Белой ночи колодец бездонный И Васильевский в красном дыму. Ностальгия — тоска не по дому, А тоска по себе самому.
Этой странной болезнью встревожен, Сквозь кордоны границ и таможен Не спеши к разведённым мостам: Век твой юный единожды прожит, Не поможет тебе, не поможет Возвращение к прежним местам.
На столе институтские снимки,
Где Исаакий в оранжевой дымке
И канала цветное стекло.
Не откроются эти скрижали.
Мы недавно туда приезжали,
Возвращение не помогло.
Этот контур, знакомый и чёткий,
Эти мальчики возле решётки,
Неподвижная эта вода.
Никогда не стоять тебе с ними,
Не вернуться на старенький снимок
Никогда, никогда, никогда.
А. Городницкий, 1979
Летит, летит, плавно вращаясь, лёгкое голубиное пёрышко в разогретом летнем воздухе двора моего детства. Там всегда было много голубей — они сидели на карнизах, на приступочках под окнами, этаких валиках-украшениях нашего старого, сталинской архитектуры дома.
Солнечное летнее утро. Я просыпаюсь от бодрых звуков радио, доносящихся с кухни:
— С добрым утром, с добрым утром, и с хорооо-шим днём!
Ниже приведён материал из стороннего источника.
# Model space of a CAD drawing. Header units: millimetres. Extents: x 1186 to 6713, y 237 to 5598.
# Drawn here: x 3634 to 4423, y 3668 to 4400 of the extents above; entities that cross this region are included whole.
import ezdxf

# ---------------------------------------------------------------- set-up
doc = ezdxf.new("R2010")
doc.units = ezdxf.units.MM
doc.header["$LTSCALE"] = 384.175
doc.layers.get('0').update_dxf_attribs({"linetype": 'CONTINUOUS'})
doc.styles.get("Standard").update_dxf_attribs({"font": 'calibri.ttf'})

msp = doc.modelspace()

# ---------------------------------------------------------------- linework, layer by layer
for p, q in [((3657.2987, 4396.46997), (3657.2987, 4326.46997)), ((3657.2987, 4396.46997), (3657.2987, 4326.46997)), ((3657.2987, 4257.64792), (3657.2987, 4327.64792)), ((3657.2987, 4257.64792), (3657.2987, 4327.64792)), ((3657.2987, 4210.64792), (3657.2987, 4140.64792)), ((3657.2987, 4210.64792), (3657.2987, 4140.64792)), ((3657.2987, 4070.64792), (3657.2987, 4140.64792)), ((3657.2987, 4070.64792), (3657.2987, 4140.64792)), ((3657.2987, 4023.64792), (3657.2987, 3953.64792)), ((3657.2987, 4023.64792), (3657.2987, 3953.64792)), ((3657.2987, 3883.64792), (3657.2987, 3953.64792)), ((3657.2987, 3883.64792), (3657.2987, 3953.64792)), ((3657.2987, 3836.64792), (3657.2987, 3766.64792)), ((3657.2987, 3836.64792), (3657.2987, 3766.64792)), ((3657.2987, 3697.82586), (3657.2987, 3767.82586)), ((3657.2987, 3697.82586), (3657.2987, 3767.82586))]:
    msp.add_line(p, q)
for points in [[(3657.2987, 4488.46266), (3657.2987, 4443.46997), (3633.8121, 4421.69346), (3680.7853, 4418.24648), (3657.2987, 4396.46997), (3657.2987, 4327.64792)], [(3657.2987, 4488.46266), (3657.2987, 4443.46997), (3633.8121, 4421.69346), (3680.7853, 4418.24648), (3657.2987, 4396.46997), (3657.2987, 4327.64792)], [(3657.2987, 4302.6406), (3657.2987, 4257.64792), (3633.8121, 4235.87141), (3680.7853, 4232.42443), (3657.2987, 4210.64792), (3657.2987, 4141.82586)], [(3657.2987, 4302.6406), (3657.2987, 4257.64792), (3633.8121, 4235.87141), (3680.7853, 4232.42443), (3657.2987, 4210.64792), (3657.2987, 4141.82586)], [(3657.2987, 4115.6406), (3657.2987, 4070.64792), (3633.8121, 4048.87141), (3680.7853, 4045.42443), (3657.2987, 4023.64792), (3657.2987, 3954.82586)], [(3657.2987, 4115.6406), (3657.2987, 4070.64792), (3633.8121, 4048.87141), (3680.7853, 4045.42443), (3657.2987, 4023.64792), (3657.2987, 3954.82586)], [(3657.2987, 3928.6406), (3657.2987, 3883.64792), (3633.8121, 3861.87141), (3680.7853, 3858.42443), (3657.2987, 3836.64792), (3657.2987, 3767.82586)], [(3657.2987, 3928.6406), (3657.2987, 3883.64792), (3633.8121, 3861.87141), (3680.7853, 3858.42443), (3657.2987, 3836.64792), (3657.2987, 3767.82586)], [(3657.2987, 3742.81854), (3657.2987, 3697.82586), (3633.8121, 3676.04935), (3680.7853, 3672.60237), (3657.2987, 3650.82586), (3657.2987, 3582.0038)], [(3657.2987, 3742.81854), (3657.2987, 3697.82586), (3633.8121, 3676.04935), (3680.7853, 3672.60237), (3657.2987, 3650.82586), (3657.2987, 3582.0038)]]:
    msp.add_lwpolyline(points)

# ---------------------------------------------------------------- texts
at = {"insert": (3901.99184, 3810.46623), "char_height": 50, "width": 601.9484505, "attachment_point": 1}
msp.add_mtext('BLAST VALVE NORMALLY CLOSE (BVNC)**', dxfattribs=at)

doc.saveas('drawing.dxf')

Эта радостная припевочка врывается в открытую дверь нашей с сестрой «маленькой» комнаты ( а есть ещё «большая», родительская) вместе с дурманящим ароматом молотого кофе и стрекотанием маминой кофемолки, в которое внезапно вплетается пронзительное эхо, раскатывающееся сразу по всем направлениям:
— Ма-ла-ко-о-о-о-о-о-о-о! Это пришла молочница со своим большим алюминиевым бидоном, погруженным на железную тележку, и я знаю, что сейчас мама вручит мне наш трехлитровый белый эмалированный бидончик и рубль к нему впридачу, и я, зажав мятый рубль в кулаке, побегу вниз, прыгая через ступеньку и теряя сандалии, чтобы успеть раньше всех во двор, где собирается вокруг молочницы небольшая очередь из таких же как я, едва проснувшихся девчонок и мальчишек и других соседок.